| PROBLEM |
The complete listing goes into the output exactly, without its pictures.

| AVAILABLE DATA |
........
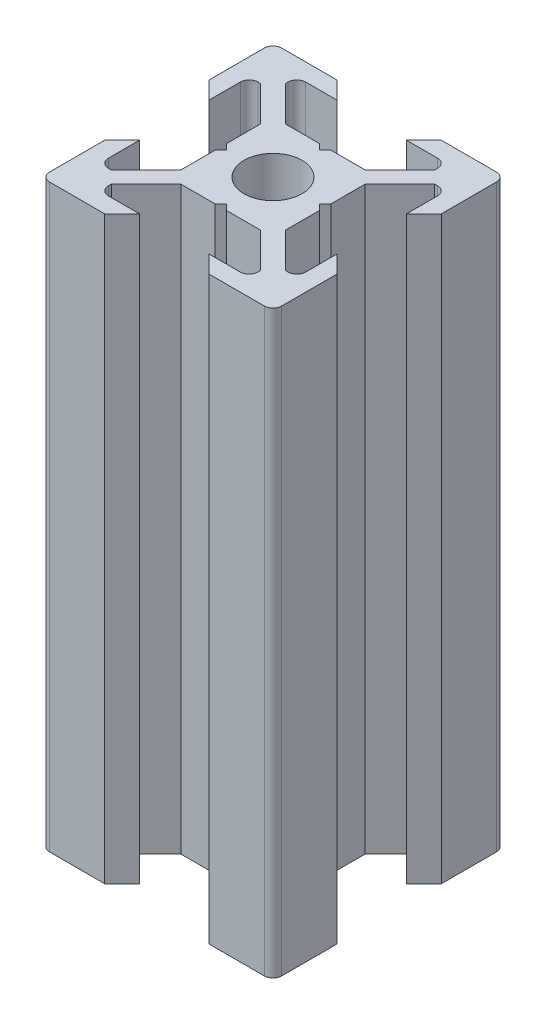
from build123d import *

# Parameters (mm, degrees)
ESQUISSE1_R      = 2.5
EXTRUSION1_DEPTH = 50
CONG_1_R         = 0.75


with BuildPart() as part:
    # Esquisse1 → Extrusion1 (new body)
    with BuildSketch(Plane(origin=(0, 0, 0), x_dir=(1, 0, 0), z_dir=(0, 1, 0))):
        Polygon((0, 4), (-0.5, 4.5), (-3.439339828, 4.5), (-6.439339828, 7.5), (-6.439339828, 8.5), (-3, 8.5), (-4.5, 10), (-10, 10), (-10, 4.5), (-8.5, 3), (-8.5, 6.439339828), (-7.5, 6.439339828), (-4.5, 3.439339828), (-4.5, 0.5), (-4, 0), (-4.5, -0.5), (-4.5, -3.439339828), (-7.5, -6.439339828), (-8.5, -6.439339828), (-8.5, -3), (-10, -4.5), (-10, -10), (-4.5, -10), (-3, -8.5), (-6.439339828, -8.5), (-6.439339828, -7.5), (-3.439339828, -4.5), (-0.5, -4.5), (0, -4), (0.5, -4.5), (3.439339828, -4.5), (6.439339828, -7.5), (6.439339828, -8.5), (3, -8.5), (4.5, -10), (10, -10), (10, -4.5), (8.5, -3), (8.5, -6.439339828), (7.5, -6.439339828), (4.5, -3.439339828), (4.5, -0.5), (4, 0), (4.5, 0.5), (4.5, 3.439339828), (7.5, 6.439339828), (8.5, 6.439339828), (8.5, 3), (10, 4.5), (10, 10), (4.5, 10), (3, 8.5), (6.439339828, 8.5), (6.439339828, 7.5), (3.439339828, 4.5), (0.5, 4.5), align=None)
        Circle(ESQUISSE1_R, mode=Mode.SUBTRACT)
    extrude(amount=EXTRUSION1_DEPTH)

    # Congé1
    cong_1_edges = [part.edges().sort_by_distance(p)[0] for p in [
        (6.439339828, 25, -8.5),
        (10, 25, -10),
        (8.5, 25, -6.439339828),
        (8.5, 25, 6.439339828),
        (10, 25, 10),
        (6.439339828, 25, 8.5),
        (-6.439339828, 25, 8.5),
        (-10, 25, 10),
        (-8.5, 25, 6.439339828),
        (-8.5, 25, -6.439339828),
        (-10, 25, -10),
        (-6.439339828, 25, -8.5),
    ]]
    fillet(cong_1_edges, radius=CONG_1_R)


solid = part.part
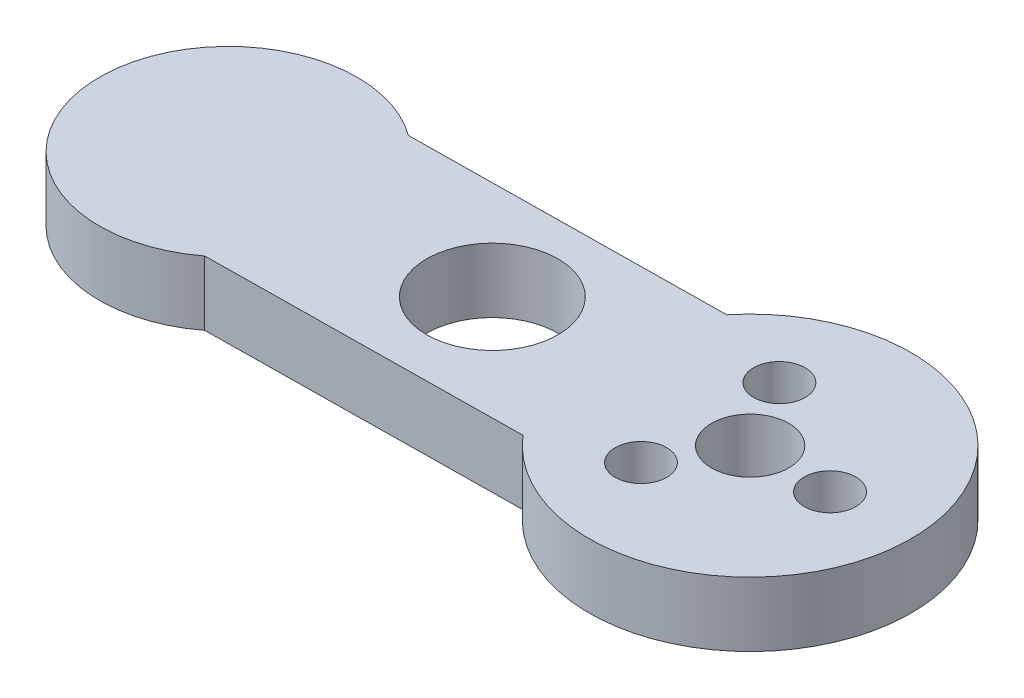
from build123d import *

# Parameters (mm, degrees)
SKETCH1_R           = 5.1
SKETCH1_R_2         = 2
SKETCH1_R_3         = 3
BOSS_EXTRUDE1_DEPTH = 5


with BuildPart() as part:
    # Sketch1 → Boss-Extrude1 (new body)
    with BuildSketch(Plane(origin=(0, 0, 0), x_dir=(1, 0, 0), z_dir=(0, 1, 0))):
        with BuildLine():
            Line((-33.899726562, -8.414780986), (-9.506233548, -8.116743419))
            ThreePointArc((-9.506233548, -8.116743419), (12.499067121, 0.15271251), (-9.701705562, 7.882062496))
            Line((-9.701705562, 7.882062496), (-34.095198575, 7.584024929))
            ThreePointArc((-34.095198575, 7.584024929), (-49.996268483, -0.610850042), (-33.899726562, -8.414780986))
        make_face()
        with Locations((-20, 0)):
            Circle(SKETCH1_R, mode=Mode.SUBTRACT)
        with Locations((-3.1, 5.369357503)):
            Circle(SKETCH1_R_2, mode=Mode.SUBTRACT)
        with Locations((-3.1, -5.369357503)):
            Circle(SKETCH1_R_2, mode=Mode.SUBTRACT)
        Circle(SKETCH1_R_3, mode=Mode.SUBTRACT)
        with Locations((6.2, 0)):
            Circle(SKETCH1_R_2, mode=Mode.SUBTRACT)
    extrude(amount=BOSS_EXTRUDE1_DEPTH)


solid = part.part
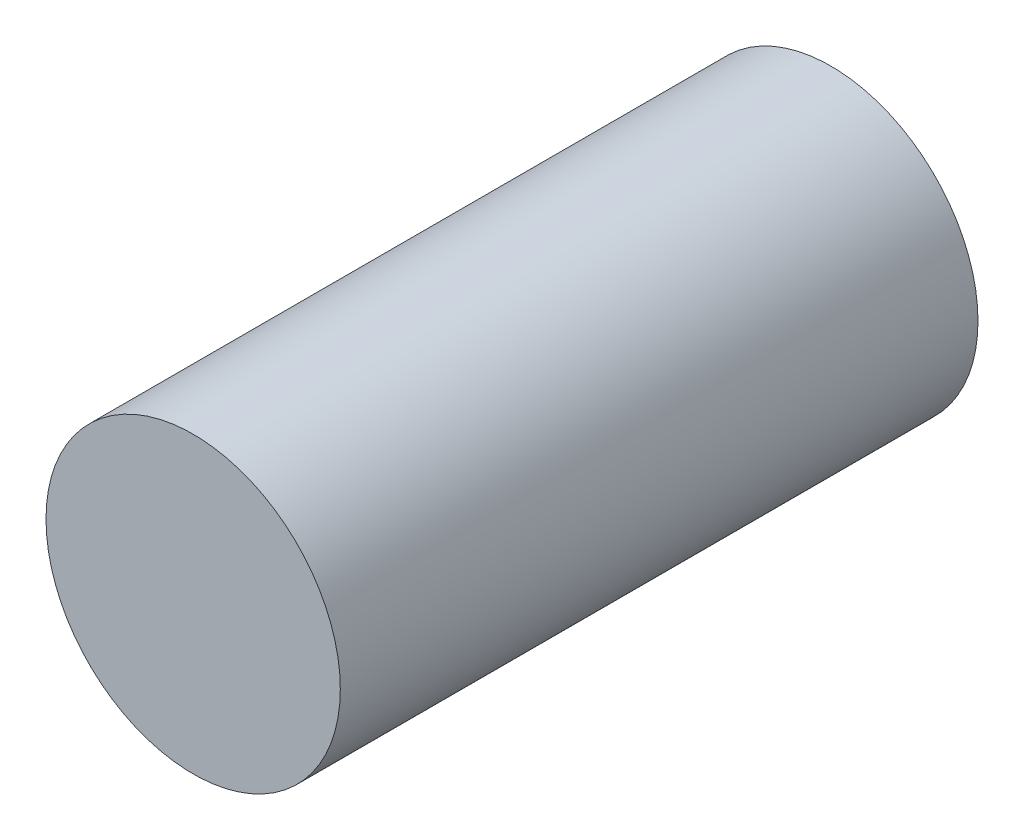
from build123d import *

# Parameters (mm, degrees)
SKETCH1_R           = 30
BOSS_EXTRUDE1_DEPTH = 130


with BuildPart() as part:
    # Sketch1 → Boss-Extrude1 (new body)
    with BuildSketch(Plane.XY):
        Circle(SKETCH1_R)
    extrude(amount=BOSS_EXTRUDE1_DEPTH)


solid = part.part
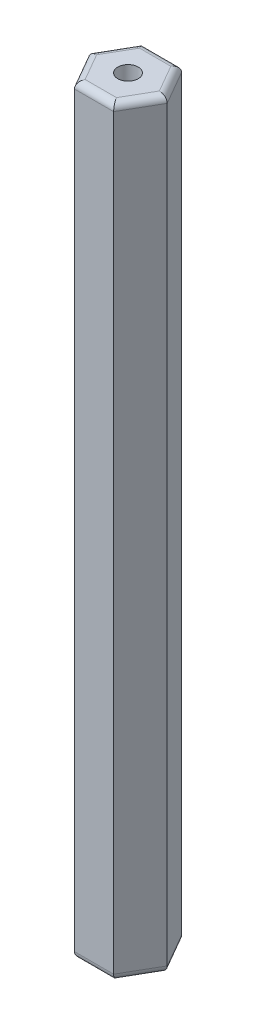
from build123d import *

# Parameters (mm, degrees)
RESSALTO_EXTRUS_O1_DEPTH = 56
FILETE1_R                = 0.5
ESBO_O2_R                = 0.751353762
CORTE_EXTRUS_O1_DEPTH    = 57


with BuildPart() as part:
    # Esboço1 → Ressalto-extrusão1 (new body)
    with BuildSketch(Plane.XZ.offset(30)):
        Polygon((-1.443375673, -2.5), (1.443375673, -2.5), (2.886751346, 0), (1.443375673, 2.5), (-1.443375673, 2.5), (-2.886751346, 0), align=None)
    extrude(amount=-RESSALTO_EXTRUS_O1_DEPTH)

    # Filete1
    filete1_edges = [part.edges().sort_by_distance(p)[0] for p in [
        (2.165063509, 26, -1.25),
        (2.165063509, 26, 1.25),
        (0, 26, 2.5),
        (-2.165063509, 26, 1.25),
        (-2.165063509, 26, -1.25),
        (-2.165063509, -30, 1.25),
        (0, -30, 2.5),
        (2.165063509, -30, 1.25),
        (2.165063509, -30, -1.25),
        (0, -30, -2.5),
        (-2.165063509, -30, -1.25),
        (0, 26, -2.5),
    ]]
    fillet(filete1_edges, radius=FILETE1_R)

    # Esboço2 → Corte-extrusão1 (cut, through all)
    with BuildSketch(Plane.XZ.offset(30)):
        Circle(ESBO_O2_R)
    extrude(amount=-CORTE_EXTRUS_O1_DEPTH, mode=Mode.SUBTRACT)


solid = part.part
........
| EXERCISE OUTPUT |
from build123d import *

# Parameters (mm, degrees)
ESQUISSE1_R      = 2.5
EXTRUSION1_DEPTH = 50
CONG_1_R         = 0.75


with BuildPart() as part:
    # Esquisse1 → Extrusion1 (new body)
    with BuildSketch(Plane(origin=(0, 0, 0), x_dir=(1, 0, 0), z_dir=(0, 1, 0))):
        Polygon((0, 4), (-0.5, 4.5), (-3.439339828, 4.5), (-6.439339828, 7.5), (-6.439339828, 8.5), (-3, 8.5), (-4.5, 10), (-10, 10), (-10, 4.5), (-8.5, 3), (-8.5, 6.439339828), (-7.5, 6.439339828), (-4.5, 3.439339828), (-4.5, 0.5), (-4, 0), (-4.5, -0.5), (-4.5, -3.439339828), (-7.5, -6.439339828), (-8.5, -6.439339828), (-8.5, -3), (-10, -4.5), (-10, -10), (-4.5, -10), (-3, -8.5), (-6.439339828, -8.5), (-6.439339828, -7.5), (-3.439339828, -4.5), (-0.5, -4.5), (0, -4), (0.5, -4.5), (3.439339828, -4.5), (6.439339828, -7.5), (6.439339828, -8.5), (3, -8.5), (4.5, -10), (10, -10), (10, -4.5), (8.5, -3), (8.5, -6.439339828), (7.5, -6.439339828), (4.5, -3.439339828), (4.5, -0.5), (4, 0), (4.5, 0.5), (4.5, 3.439339828), (7.5, 6.439339828), (8.5, 6.439339828), (8.5, 3), (10, 4.5), (10, 10), (4.5, 10), (3, 8.5), (6.439339828, 8.5), (6.439339828, 7.5), (3.439339828, 4.5), (0.5, 4.5), align=None)
        Circle(ESQUISSE1_R, mode=Mode.SUBTRACT)
    extrude(amount=EXTRUSION1_DEPTH)

    # Congé1
    cong_1_edges = [part.edges().sort_by_distance(p)[0] for p in [
        (6.439339828, 25, -8.5),
        (10, 25, -10),
        (8.5, 25, -6.439339828),
        (8.5, 25, 6.439339828),
        (10, 25, 10),
        (6.439339828, 25, 8.5),
        (-6.439339828, 25, 8.5),
        (-10, 25, 10),
        (-8.5, 25, 6.439339828),
        (-8.5, 25, -6.439339828),
        (-10, 25, -10),
        (-6.439339828, 25, -8.5),
    ]]
    fillet(cong_1_edges, radius=CONG_1_R)


solid = part.part
from build123d import *

# Parameters (mm, degrees)
SKETCH1_R           = 5.1
SKETCH1_R_2         = 2
SKETCH1_R_3         = 3
BOSS_EXTRUDE1_DEPTH = 5


with BuildPart() as part:
    # Sketch1 → Boss-Extrude1 (new body)
    with BuildSketch(Plane(origin=(0, 0, 0), x_dir=(1, 0, 0), z_dir=(0, 1, 0))):
        with BuildLine():
            Line((-33.899726562, -8.414780986), (-9.506233548, -8.116743419))
            ThreePointArc((-9.506233548, -8.116743419), (12.499067121, 0.15271251), (-9.701705562, 7.882062496))
            Line((-9.701705562, 7.882062496), (-34.095198575, 7.584024929))
            ThreePointArc((-34.095198575, 7.584024929), (-49.996268483, -0.610850042), (-33.899726562, -8.414780986))
        make_face()
        with Locations((-20, 0)):
            Circle(SKETCH1_R, mode=Mode.SUBTRACT)
        with Locations((-3.1, 5.369357503)):
            Circle(SKETCH1_R_2, mode=Mode.SUBTRACT)
        with Locations((-3.1, -5.369357503)):
            Circle(SKETCH1_R_2, mode=Mode.SUBTRACT)
        Circle(SKETCH1_R_3, mode=Mode.SUBTRACT)
        with Locations((6.2, 0)):
            Circle(SKETCH1_R_2, mode=Mode.SUBTRACT)
    extrude(amount=BOSS_EXTRUDE1_DEPTH)


solid = part.part
from build123d import *

# Parameters (mm, degrees)
SKETCH1_R           = 30
BOSS_EXTRUDE1_DEPTH = 130


with BuildPart() as part:
    # Sketch1 → Boss-Extrude1 (new body)
    with BuildSketch(Plane.XY):
        Circle(SKETCH1_R)
    extrude(amount=BOSS_EXTRUDE1_DEPTH)


solid = part.part
from build123d import *

# Parameters (mm, degrees)
RESSALTO_EXTRUS_O1_DEPTH = 56
FILETE1_R                = 0.5
ESBO_O2_R                = 0.751353762
CORTE_EXTRUS_O1_DEPTH    = 57


with BuildPart() as part:
    # Esboço1 → Ressalto-extrusão1 (new body)
    with BuildSketch(Plane.XZ.offset(30)):
        Polygon((-1.443375673, -2.5), (1.443375673, -2.5), (2.886751346, 0), (1.443375673, 2.5), (-1.443375673, 2.5), (-2.886751346, 0), align=None)
    extrude(amount=-RESSALTO_EXTRUS_O1_DEPTH)

    # Filete1
    filete1_edges = [part.edges().sort_by_distance(p)[0] for p in [
        (2.165063509, 26, -1.25),
        (2.165063509, 26, 1.25),
        (0, 26, 2.5),
        (-2.165063509, 26, 1.25),
        (-2.165063509, 26, -1.25),
        (-2.165063509, -30, 1.25),
        (0, -30, 2.5),
        (2.165063509, -30, 1.25),
        (2.165063509, -30, -1.25),
        (0, -30, -2.5),
        (-2.165063509, -30, -1.25),
        (0, 26, -2.5),
    ]]
    fillet(filete1_edges, radius=FILETE1_R)

    # Esboço2 → Corte-extrusão1 (cut, through all)
    with BuildSketch(Plane.XZ.offset(30)):
        Circle(ESBO_O2_R)
    extrude(amount=-CORTE_EXTRUS_O1_DEPTH, mode=Mode.SUBTRACT)


solid = part.part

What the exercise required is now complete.